Si è concluso di recente a Roma il primo corso professionale dell’Italian Kitchen Academy, tenuto dallo chef Andrea Dolciotti.
Un corso che ha l’obiettivo di fornire una formazione altamente qualificata agli aspiranti chef, dotandoli di un bagaglio di conoscenze in grado di favorire e agevolare l’ingresso nel mercato del lavoro.
L’offerta didattica della scuola è comunque ampia e si declina anche attraverso laboratori monografici e di approfondimento, corsi di cucina per appassionati, eventi e degustazioni enogastronomiche.
Durante il primo corso professionale, la classe ha risposto al meglio e gli stimoli provenienti dai vari chef che si sono alternati in cattedra – oltre a Dolciotti anche Maurizio Serva de La Trota, Antonio Gentile del Red Fish e Andrea De Bellis dell’omonima pasticceria – sono stati brillantemente colti da tutti i partecipanti. Come prova finale gli allievi hanno prestato servizio, durante il pranzo della scorsa domenica 29 novembre, presso il ristorante Le Tamerici di Roma.


Sotto lo sguardo vigile degli chef Dolciotti e Giovanni Cappelli, rispettivamente responsabile della scuola e chef de Le Tamerici, i corsisti si sono divisi i compiti come in una brigata di primo livello, servendo piatti dalle non semplici preparazioni.


L’obiettivo era infatti di vederli all’opera in brigata, ultimo step di una preparazione durata due mesi con lezioni e prove pratiche.

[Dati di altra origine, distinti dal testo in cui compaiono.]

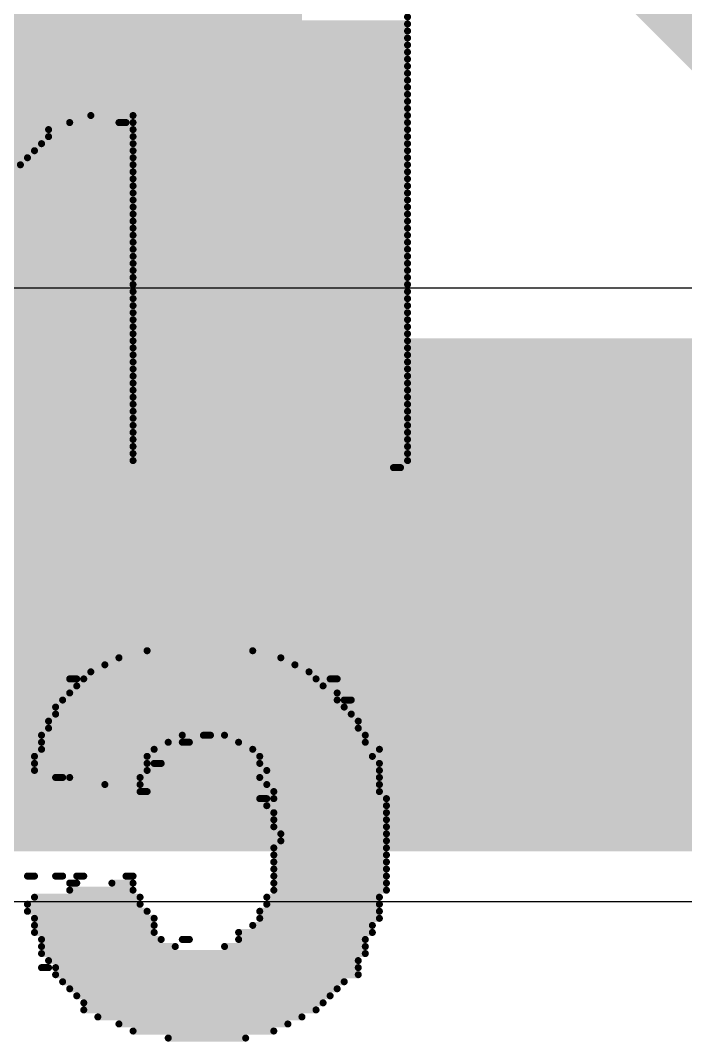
# Model space of a CAD drawing. Header units: millimetres. Extents: x -6 to 194, y -120 to 229.
# Drawn here: x 39.52 to 41.92, y 13.233 to 16.916 of the extents above; entities that cross this region are included whole.
import ezdxf

# ---------------------------------------------------------------- set-up
doc = ezdxf.new("R2010")
doc.units = ezdxf.units.MM
for name, color, linetype in [('BottomLayer', 5, 'Continuous'), ('BottomOverlay', 54, 'Continuous'), ('TopLayer', 1, 'Continuous'), ('TopOverlay', 2, 'Continuous'), ('TopPaste', 8, 'Continuous'), ('TopSolder', 216, 'Continuous')]:
    doc.layers.add(name, color=color, linetype=linetype)

# ---------------------------------------------------------------- blocks, each defined once
blk = doc.blocks.new('C___0805_65')
at = {"layer": 'TopLayer'}
for points in [[(-1.524, 0.762), (-0.508, 0.762), (-0.508, -0.762), (-1.524, -0.762)], [(0.508, 0.762), (1.524, 0.762), (1.524, -0.762), (0.508, -0.762)]]:
    blk.add_hatch(color=1, dxfattribs=at).paths.add_polyline_path(points)
at = {"layer": 'TopPaste'}
for points in [[(-1.524, 0.762), (-0.508, 0.762), (-0.508, -0.762), (-1.524, -0.762)], [(0.508, 0.762), (1.524, 0.762), (1.524, -0.762), (0.508, -0.762)]]:
    blk.add_hatch(color=8, dxfattribs=at).paths.add_polyline_path(points)
at = {"layer": 'TopSolder'}
for points in [[(-1.594, 0.832), (-0.438, 0.832), (-0.438, -0.832), (-1.594, -0.832)], [(0.438, 0.832), (1.594, 0.832), (1.594, -0.832), (0.438, -0.832)]]:
    blk.add_hatch(color=216, dxfattribs=at).paths.add_polyline_path(points)
at = {"layer": 'TopOverlay', "const_width": 0.127}
for points in [[(-1.6256, -0.8636), (-1.6256, 0.8636)], [(-1.6256, 0.8636), (-0.6096, 0.8636)], [(0.6096, 0.8636), (1.6256, 0.8636)], [(1.6256, -0.8636), (1.6256, 0.8636)], [(-1.6256, -0.8636), (-0.6096, -0.8636)], [(0.6096, -0.8636), (1.6256, -0.8636)]]:
    blk.add_lwpolyline(points, dxfattribs=at)
at = {"layer": 'TopOverlay', "const_width": 0.0635}
for points in [[(-1.6574, 0.8636, 1), (-1.5938, 0.8636, 1)], [(-1.6574, 0.8636, 1), (-1.5938, 0.8636, 1)], [(-0.6413, 0.8636, 1), (-0.5778, 0.8636, 1)], [(0.5778, 0.8636, 1), (0.6413, 0.8636, 1)], [(1.5938, 0.8636, 1), (1.6574, 0.8636, 1)], [(1.5938, 0.8636, 1), (1.6574, 0.8636, 1)], [(-1.6574, -0.8636, 1), (-1.5938, -0.8636, 1)], [(-1.6574, -0.8636, 1), (-1.5938, -0.8636, 1)], [(-0.6413, -0.8636, 1), (-0.5778, -0.8636, 1)], [(0.5778, -0.8636, 1), (0.6413, -0.8636, 1)], [(1.5938, -0.8636, 1), (1.6574, -0.8636, 1)], [(1.5938, -0.8636, 1), (1.6574, -0.8636, 1)]]:
    blk.add_lwpolyline(points, format="xyb", close=True, dxfattribs=at)

msp = doc.modelspace()

# ---------------------------------------------------------------- hatches: boundary and pattern name
at = {"layer": 'BottomLayer'}
msp.add_hatch(color=5, dxfattribs=at).paths.add_polyline_path([(13.9673, 13.9192), (50.1142, 13.9192), (50.1142, 15.7695), (13.9673, 15.7695)])
at = {"layer": 'TopLayer'}
for points in [[(38.9249, 13.9192), (40.536, 13.9192), (40.536, 20.5581), (38.9249, 20.5581)], [(39.0265, 13.9192), (43.7642, 13.9192), (43.7642, 15.7695), (39.0265, 15.7695)], [(41.8338, 14.5716), (45.2848, 14.5716), (45.2848, 15.1916), (41.8338, 15.1916)]]:
    msp.add_hatch(color=1, dxfattribs=at).paths.add_polyline_path(points)

# ---------------------------------------------------------------- linework, layer by layer
at = {"layer": 'BottomLayer'}
for p, q in [((50.1142, 15.9507), (32.3001, 15.9507)), ((16.7838, 13.7379), (50.1142, 13.7379))]:
    msp.add_line(p, q, dxfattribs=at)
at = {"layer": 'BottomOverlay', "const_width": 0.0254}
for points in [[(38.3513, 16.9034), (40.9167, 16.9034)], [(38.3259, 16.878), (40.9167, 16.878)], [(38.4275, 16.8526), (40.9167, 16.8526)], [(38.4529, 16.8272), (40.9167, 16.8272)], [(38.5037, 16.8018), (40.9167, 16.8018)], [(38.5545, 16.7764), (40.9167, 16.7764)], [(38.6053, 16.751), (40.9167, 16.751)], [(38.7069, 16.7256), (40.9167, 16.7256)], [(38.7069, 16.6748), (40.9167, 16.6748)], [(38.7577, 16.7002), (40.9167, 16.7002)], [(38.6307, 16.6494), (40.9167, 16.6494)], [(38.5545, 16.624), (40.9167, 16.624)], [(38.5545, 16.5986), (40.9167, 16.5986)], [(38.5291, 16.5732), (39.7737, 16.5732)], [(39.9261, 16.5732), (40.9167, 16.5732)], [(38.5037, 16.5478), (39.6975, 16.5478)], [(39.8753, 16.5478), (39.9007, 16.5478)], [(39.9261, 16.5478), (40.9167, 16.5478)], [(38.4529, 16.497), (39.6213, 16.497)], [(38.4783, 16.5224), (39.6213, 16.5224)], [(39.9261, 16.5224), (40.9167, 16.5224)], [(39.9261, 16.497), (40.9167, 16.497)], [(38.4275, 16.4716), (39.5959, 16.4716)], [(39.9261, 16.4716), (40.9167, 16.4716)], [(38.3767, 16.4462), (39.5705, 16.4462)], [(38.4021, 16.4208), (39.5451, 16.4208)], [(39.9261, 16.4462), (40.9167, 16.4462)], [(39.9261, 16.4208), (40.9167, 16.4208)], [(38.3767, 16.3954), (39.5197, 16.3954)], [(39.9261, 16.3954), (40.9167, 16.3954)], [(39.9261, 16.37), (40.9167, 16.37)], [(39.9261, 16.3446), (40.9167, 16.3446)], [(39.9261, 16.3192), (40.9167, 16.3192)], [(39.9261, 16.2938), (40.9167, 16.2938)], [(39.9261, 16.2684), (40.9167, 16.2684)], [(39.9261, 16.243), (40.9167, 16.243)], [(39.9261, 16.2176), (40.9167, 16.2176)], [(39.9261, 16.1922), (40.9167, 16.1922)], [(39.9261, 16.1668), (40.9167, 16.1668)], [(39.9261, 16.1414), (40.9167, 16.1414)], [(39.9261, 16.116), (40.9167, 16.116)], [(39.9261, 16.0906), (40.9167, 16.0906)], [(39.9261, 16.0652), (40.9167, 16.0652)], [(39.9261, 16.0398), (40.9167, 16.0398)], [(39.9261, 16.0144), (40.9167, 16.0144)], [(39.9261, 15.989), (40.9167, 15.989)], [(39.9261, 15.9636), (40.9167, 15.9636)], [(39.9261, 15.9382), (40.9167, 15.9382)], [(39.9261, 15.9128), (40.9167, 15.9128)], [(39.9261, 15.8874), (40.9167, 15.8874)], [(39.9261, 15.862), (40.9167, 15.862)], [(39.9261, 15.8366), (40.9167, 15.8366)], [(39.9261, 15.8112), (40.9167, 15.8112)], [(39.9261, 15.7858), (40.9167, 15.7858)], [(39.9261, 15.7604), (40.9167, 15.7604)], [(39.9261, 15.735), (40.9167, 15.735)], [(39.9261, 15.7096), (40.9167, 15.7096)], [(39.9261, 15.6842), (40.9167, 15.6842)], [(39.9261, 15.6588), (40.9167, 15.6588)], [(39.9261, 15.6334), (40.9167, 15.6334)], [(39.9261, 15.608), (40.9167, 15.608)], [(39.9261, 15.5826), (40.9167, 15.5826)], [(39.9261, 15.5572), (40.9167, 15.5572)], [(39.9261, 15.5318), (40.9167, 15.5318)], [(39.9261, 15.5064), (40.9167, 15.5064)], [(39.9261, 15.481), (40.9167, 15.481)], [(39.9261, 15.4556), (40.9167, 15.4556)], [(39.9261, 15.4302), (40.9167, 15.4302)], [(39.9261, 15.4048), (40.9167, 15.4048)], [(39.9261, 15.3794), (40.9167, 15.3794)], [(39.9261, 15.354), (40.9167, 15.354)], [(39.9261, 15.3286), (40.9167, 15.3286)], [(40.8659, 15.3032), (40.8913, 15.3032)], [(39.8753, 14.6174), (40.4595, 14.6174)], [(39.9769, 14.6428), (40.3579, 14.6428)], [(39.8245, 14.592), (40.5103, 14.592)], [(39.6975, 14.5412), (39.7229, 14.5412)], [(39.7483, 14.5412), (40.5865, 14.5412)], [(39.7737, 14.5666), (40.5611, 14.5666)], [(40.6373, 14.5412), (40.6627, 14.5412)], [(39.7229, 14.5158), (40.6119, 14.5158)], [(39.6721, 14.465), (40.6627, 14.465)], [(39.6975, 14.4904), (40.6627, 14.4904)], [(40.6881, 14.465), (40.7135, 14.465)], [(39.6467, 14.4396), (40.6881, 14.4396)], [(39.6213, 14.3888), (40.7389, 14.3888)], [(39.6467, 14.4142), (40.7135, 14.4142)], [(39.6213, 14.3634), (40.7389, 14.3634)], [(39.5959, 14.338), (40.1039, 14.338)], [(40.1801, 14.338), (40.2055, 14.338)], [(40.2563, 14.338), (40.7643, 14.338)], [(39.5959, 14.3126), (40.0531, 14.3126)], [(39.5959, 14.2872), (40.0023, 14.2872)], [(40.1039, 14.3126), (40.1293, 14.3126)], [(40.3071, 14.3126), (40.7643, 14.3126)], [(40.3579, 14.2872), (40.8151, 14.2872)], [(39.5705, 14.2618), (39.9769, 14.2618)], [(40.3833, 14.2618), (40.7897, 14.2618)], [(39.5705, 14.2364), (39.9769, 14.2364)], [(39.5705, 14.211), (39.9769, 14.211)], [(40.0023, 14.2364), (40.0277, 14.2364)], [(40.3833, 14.2364), (40.8151, 14.2364)], [(40.4087, 14.211), (40.8151, 14.211)], [(39.6467, 14.1856), (39.6721, 14.1856)], [(39.6975, 14.1856), (39.9515, 14.1856)], [(40.3833, 14.1856), (40.8151, 14.1856)], [(39.8245, 14.1602), (39.9515, 14.1602)], [(39.9515, 14.1348), (39.9769, 14.1348)], [(40.4087, 14.1602), (40.8151, 14.1602)], [(40.4341, 14.1348), (40.8151, 14.1348)], [(40.3833, 14.1094), (40.4087, 14.1094)], [(40.4341, 14.1094), (40.8405, 14.1094)], [(40.4087, 14.084), (40.8405, 14.084)], [(40.4341, 14.0586), (40.8405, 14.0586)], [(40.4341, 14.0332), (40.8405, 14.0332)], [(40.4341, 14.0078), (40.8405, 14.0078)], [(40.4595, 13.9824), (40.8405, 13.9824)], [(40.4595, 13.957), (40.8405, 13.957)], [(40.4341, 13.9316), (40.8405, 13.9316)], [(40.4341, 13.9062), (40.8405, 13.9062)], [(40.4341, 13.8808), (40.8405, 13.8808)], [(40.4341, 13.8554), (40.8405, 13.8554)], [(39.5451, 13.83), (39.5705, 13.83)], [(39.6467, 13.83), (39.6721, 13.83)], [(39.6975, 13.8046), (39.7229, 13.8046)], [(39.7229, 13.83), (39.7483, 13.83)], [(39.8499, 13.8046), (39.9261, 13.8046)], [(39.9007, 13.83), (39.9261, 13.83)], [(40.4341, 13.83), (40.8405, 13.83)], [(40.4341, 13.8046), (40.8405, 13.8046)], [(39.6975, 13.7792), (39.9261, 13.7792)], [(40.4341, 13.7792), (40.8405, 13.7792)], [(39.5451, 13.7284), (39.9515, 13.7284)], [(39.5705, 13.7538), (39.9515, 13.7538)], [(40.4087, 13.7538), (40.8151, 13.7538)], [(40.4087, 13.7284), (40.8151, 13.7284)], [(39.5451, 13.703), (39.9769, 13.703)], [(40.3833, 13.703), (40.8151, 13.703)], [(39.5705, 13.6776), (40.0023, 13.6776)], [(39.5705, 13.6522), (40.0023, 13.6522)], [(40.3579, 13.6522), (40.7897, 13.6522)], [(40.3833, 13.6776), (40.8151, 13.6776)], [(39.5705, 13.6268), (40.0023, 13.6268)], [(40.3071, 13.6268), (40.7897, 13.6268)], [(39.5959, 13.6014), (40.0277, 13.6014)], [(40.1039, 13.6014), (40.1293, 13.6014)], [(40.3071, 13.6014), (40.7643, 13.6014)], [(39.5959, 13.576), (40.0785, 13.576)], [(39.5959, 13.5506), (40.7643, 13.5506)], [(40.2563, 13.576), (40.7643, 13.576)], [(39.6213, 13.5252), (40.7389, 13.5252)], [(39.5959, 13.4998), (39.6213, 13.4998)], [(39.6467, 13.4998), (40.7389, 13.4998)], [(39.6467, 13.4744), (40.7389, 13.4744)], [(39.6721, 13.449), (40.6881, 13.449)], [(39.6975, 13.4236), (40.6627, 13.4236)], [(39.7229, 13.3982), (40.6373, 13.3982)], [(39.7483, 13.3728), (40.6119, 13.3728)], [(39.7483, 13.3474), (40.5865, 13.3474)], [(39.7991, 13.322), (40.5357, 13.322)], [(39.8753, 13.2966), (40.4849, 13.2966)], [(39.9261, 13.2712), (40.4341, 13.2712)], [(40.0531, 13.2458), (40.3325, 13.2458)]]:
    msp.add_lwpolyline(points, dxfattribs=at)
at = {"layer": 'BottomOverlay', "const_width": 0.0127}
for points in [[(40.9104, 16.9288, 1), (40.9231, 16.9288, 1)], [(40.9104, 16.9034, 1), (40.9231, 16.9034, 1)], [(40.9104, 16.878, 1), (40.9231, 16.878, 1)], [(40.9104, 16.8526, 1), (40.9231, 16.8526, 1)], [(40.9104, 16.8272, 1), (40.9231, 16.8272, 1)], [(40.9104, 16.8018, 1), (40.9231, 16.8018, 1)], [(40.9104, 16.7764, 1), (40.9231, 16.7764, 1)], [(40.9104, 16.751, 1), (40.9231, 16.751, 1)], [(40.9104, 16.7256, 1), (40.9231, 16.7256, 1)], [(40.9104, 16.7002, 1), (40.9231, 16.7002, 1)], [(40.9104, 16.6748, 1), (40.9231, 16.6748, 1)], [(40.9104, 16.6494, 1), (40.9231, 16.6494, 1)], [(40.9104, 16.624, 1), (40.9231, 16.624, 1)], [(40.9104, 16.5986, 1), (40.9231, 16.5986, 1)], [(39.7674, 16.5732, 1), (39.7801, 16.5732, 1)], [(39.9198, 16.5732, 1), (39.9325, 16.5732, 1)], [(40.9104, 16.5732, 1), (40.9231, 16.5732, 1)], [(39.6912, 16.5478, 1), (39.7039, 16.5478, 1)], [(39.869, 16.5478, 1), (39.8817, 16.5478, 1)], [(39.8944, 16.5478, 1), (39.9071, 16.5478, 1)], [(39.9198, 16.5478, 1), (39.9325, 16.5478, 1)], [(40.9104, 16.5478, 1), (40.9231, 16.5478, 1)], [(39.615, 16.5224, 1), (39.6277, 16.5224, 1)], [(39.615, 16.497, 1), (39.6277, 16.497, 1)], [(39.9198, 16.5224, 1), (39.9325, 16.5224, 1)], [(39.9198, 16.497, 1), (39.9325, 16.497, 1)], [(40.9104, 16.5224, 1), (40.9231, 16.5224, 1)], [(40.9104, 16.497, 1), (40.9231, 16.497, 1)], [(39.5896, 16.4716, 1), (39.6023, 16.4716, 1)], [(39.9198, 16.4716, 1), (39.9325, 16.4716, 1)], [(40.9104, 16.4716, 1), (40.9231, 16.4716, 1)], [(39.5388, 16.4208, 1), (39.5515, 16.4208, 1)], [(39.5642, 16.4462, 1), (39.5769, 16.4462, 1)], [(39.9198, 16.4462, 1), (39.9325, 16.4462, 1)], [(39.9198, 16.4208, 1), (39.9325, 16.4208, 1)], [(40.9104, 16.4462, 1), (40.9231, 16.4462, 1)], [(40.9104, 16.4208, 1), (40.9231, 16.4208, 1)], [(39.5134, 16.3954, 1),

Da ospite e testimone esterno, come altri blogger e giornalisti, posso dire che il pranzo è davvero ben riuscito. Innanzitutto per il contesto. Il locale, anche se non molto grande, è molto caldo e accogliente: luci soffuse, bottiglie alle pareti, travi a vista e parquet gli conferiscono un’aria ospitale e raffinata. Inoltre è un ristorante che nella zona di Fontana di Trevi si distingue nettamente dagli altri, sin troppo turistici e poco attraenti per i gourmet.
I contenuti del menù offertoci sono stati concordati con gli chef docenti ed i piatti sono risultati buoni e golosi, sia pur con qualche fisiologica sbavatura da parte degli allievi del corso.
Abbiamo cominciato con una mousse di ricotta speziata avvolta in un croccante nido di pasta kataifi guarnito con carciofi fritti, per poi proseguire con una ottima cipolla cotta (sotto sale) al forno, ripiena di crema di Brie.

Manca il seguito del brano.